*Exercise description*: Lines to return, exactly: from the line with "#46=CARTESIAN_POINT('',(17.5,10.,17.5));" to the line with "#63=PLANE('',#62);" in the entries below, both included.

*Source data*:
================

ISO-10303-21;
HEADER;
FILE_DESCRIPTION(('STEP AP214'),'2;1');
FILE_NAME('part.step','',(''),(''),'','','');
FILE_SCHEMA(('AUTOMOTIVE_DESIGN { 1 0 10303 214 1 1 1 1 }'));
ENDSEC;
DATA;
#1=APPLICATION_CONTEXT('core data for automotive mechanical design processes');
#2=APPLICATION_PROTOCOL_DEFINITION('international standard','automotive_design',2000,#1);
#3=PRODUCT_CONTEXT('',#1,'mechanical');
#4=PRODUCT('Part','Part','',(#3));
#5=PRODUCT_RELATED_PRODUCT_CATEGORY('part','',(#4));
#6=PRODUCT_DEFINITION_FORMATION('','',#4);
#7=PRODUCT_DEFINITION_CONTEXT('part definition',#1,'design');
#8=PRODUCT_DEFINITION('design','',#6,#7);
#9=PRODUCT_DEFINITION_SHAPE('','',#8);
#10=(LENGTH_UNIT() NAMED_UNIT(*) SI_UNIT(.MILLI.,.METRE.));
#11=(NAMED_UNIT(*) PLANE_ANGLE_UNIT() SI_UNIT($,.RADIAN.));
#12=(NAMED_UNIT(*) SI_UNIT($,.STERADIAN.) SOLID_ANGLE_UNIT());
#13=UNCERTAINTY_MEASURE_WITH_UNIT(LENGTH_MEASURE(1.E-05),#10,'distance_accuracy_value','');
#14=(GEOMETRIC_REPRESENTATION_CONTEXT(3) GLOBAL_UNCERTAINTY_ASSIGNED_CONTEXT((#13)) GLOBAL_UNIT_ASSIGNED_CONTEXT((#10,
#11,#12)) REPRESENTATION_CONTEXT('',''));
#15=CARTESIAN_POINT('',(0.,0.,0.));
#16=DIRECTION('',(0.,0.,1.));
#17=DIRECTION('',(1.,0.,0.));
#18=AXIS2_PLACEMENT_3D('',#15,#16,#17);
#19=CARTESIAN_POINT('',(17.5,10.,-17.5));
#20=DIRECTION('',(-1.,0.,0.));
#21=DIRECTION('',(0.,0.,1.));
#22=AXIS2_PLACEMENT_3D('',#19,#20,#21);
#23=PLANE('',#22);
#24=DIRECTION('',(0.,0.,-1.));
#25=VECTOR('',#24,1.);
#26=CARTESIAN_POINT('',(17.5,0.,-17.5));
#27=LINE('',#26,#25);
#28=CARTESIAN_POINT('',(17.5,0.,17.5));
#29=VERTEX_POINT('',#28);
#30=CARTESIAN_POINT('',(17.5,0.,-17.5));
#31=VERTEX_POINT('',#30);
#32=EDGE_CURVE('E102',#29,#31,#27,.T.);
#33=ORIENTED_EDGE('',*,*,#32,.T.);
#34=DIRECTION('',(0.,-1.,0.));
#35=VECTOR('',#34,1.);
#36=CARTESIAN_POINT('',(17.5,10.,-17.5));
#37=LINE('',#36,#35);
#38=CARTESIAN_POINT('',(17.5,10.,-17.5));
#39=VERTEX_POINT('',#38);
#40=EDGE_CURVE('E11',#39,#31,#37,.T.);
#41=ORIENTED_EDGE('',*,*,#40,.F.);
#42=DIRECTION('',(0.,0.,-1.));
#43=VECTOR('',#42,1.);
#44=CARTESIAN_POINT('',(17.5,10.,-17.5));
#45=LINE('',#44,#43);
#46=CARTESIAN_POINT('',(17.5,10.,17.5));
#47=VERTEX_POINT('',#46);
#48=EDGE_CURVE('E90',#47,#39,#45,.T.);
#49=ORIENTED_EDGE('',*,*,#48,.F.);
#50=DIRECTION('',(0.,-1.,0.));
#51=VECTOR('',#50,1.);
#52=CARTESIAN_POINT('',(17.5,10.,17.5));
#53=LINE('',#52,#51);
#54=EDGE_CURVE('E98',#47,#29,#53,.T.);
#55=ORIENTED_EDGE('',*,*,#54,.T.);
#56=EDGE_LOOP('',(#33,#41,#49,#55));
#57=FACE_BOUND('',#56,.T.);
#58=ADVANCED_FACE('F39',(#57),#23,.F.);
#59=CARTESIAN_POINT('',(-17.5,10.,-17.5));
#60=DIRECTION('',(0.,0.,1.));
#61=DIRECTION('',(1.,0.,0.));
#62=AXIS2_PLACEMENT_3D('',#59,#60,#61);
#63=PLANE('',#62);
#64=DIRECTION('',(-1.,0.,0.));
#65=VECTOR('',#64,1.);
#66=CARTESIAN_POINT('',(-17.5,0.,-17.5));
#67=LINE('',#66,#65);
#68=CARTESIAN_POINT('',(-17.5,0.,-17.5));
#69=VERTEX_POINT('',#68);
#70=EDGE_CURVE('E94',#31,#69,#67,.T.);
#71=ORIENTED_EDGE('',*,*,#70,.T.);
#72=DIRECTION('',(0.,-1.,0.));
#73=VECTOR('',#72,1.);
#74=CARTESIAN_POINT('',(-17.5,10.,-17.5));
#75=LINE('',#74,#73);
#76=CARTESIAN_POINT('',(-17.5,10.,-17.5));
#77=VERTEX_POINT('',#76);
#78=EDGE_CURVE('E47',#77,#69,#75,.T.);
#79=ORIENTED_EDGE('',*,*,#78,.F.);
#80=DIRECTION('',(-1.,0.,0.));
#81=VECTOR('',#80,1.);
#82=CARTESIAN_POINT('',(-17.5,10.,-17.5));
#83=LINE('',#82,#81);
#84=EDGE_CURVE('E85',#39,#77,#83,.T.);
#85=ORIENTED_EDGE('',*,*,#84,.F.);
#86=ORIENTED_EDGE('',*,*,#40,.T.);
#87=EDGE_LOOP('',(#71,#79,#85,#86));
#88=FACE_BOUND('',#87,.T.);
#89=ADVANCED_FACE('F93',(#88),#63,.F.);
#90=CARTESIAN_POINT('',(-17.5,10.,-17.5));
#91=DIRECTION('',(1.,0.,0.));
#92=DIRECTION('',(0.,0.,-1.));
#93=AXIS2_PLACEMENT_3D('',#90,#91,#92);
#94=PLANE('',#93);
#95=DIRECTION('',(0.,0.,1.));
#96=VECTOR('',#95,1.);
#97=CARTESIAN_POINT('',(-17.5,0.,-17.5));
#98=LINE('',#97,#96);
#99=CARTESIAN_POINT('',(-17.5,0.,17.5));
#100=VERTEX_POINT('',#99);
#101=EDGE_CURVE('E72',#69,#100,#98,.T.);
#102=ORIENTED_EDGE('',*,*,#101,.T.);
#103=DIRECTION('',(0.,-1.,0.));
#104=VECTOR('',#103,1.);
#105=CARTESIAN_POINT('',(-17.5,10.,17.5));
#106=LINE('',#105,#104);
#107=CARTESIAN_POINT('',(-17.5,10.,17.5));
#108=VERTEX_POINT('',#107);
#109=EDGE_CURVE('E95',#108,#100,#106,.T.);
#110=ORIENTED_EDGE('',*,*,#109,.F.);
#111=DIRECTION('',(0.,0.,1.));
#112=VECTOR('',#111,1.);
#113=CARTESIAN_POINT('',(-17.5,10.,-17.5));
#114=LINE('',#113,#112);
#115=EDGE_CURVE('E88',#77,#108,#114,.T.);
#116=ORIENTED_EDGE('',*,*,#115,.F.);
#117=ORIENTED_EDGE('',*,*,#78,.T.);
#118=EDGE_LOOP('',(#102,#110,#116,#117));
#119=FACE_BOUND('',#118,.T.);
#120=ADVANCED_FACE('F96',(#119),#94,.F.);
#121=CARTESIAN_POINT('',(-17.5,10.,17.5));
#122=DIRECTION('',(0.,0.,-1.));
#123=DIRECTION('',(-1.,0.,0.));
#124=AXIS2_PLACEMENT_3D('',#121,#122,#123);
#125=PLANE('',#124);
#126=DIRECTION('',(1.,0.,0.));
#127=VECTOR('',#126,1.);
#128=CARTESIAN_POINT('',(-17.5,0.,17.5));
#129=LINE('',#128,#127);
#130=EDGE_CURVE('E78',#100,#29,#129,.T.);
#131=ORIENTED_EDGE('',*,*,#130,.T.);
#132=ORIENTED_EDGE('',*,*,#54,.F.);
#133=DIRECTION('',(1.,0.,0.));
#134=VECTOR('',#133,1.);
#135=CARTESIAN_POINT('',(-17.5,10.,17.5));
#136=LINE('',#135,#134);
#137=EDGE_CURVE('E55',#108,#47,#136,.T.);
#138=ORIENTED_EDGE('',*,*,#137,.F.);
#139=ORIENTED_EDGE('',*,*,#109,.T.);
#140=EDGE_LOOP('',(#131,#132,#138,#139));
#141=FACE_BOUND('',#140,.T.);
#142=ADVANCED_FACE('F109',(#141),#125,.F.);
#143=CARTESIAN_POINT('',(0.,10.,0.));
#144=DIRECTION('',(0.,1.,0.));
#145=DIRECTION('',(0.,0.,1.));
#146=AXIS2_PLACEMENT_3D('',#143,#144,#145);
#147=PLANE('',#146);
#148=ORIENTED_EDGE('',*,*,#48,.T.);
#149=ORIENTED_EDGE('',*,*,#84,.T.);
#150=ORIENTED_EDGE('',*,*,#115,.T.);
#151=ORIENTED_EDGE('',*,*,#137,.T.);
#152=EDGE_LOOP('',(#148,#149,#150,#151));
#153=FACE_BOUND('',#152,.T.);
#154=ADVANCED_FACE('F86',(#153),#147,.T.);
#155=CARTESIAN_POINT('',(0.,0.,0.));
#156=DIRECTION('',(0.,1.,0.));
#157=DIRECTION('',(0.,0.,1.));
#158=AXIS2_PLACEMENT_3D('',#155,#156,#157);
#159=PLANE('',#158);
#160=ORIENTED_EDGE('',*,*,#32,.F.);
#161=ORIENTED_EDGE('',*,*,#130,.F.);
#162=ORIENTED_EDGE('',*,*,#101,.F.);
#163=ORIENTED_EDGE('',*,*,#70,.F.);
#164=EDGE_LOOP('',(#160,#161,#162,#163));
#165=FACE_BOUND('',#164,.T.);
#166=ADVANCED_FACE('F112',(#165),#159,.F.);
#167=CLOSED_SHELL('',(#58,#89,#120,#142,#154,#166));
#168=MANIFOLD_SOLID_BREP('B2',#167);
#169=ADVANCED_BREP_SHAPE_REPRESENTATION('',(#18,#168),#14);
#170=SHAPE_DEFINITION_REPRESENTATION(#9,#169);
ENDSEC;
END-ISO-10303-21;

================

*Solution*:
#46=CARTESIAN_POINT('',(17.5,10.,17.5));
#47=VERTEX_POINT('',#46);
#48=EDGE_CURVE('E90',#47,#39,#45,.T.);
#49=ORIENTED_EDGE('',*,*,#48,.F.);
#50=DIRECTION('',(0.,-1.,0.));
#51=VECTOR('',#50,1.);
#52=CARTESIAN_POINT('',(17.5,10.,17.5));
#53=LINE('',#52,#51);
#54=EDGE_CURVE('E98',#47,#29,#53,.T.);
#55=ORIENTED_EDGE('',*,*,#54,.T.);
#56=EDGE_LOOP('',(#33,#41,#49,#55));
#57=FACE_BOUND('',#56,.T.);
#58=ADVANCED_FACE('F39',(#57),#23,.F.);
#59=CARTESIAN_POINT('',(-17.5,10.,-17.5));
#60=DIRECTION('',(0.,0.,1.));
#61=DIRECTION('',(1.,0.,0.));
#62=AXIS2_PLACEMENT_3D('',#59,#60,#61);
#63=PLANE('',#62);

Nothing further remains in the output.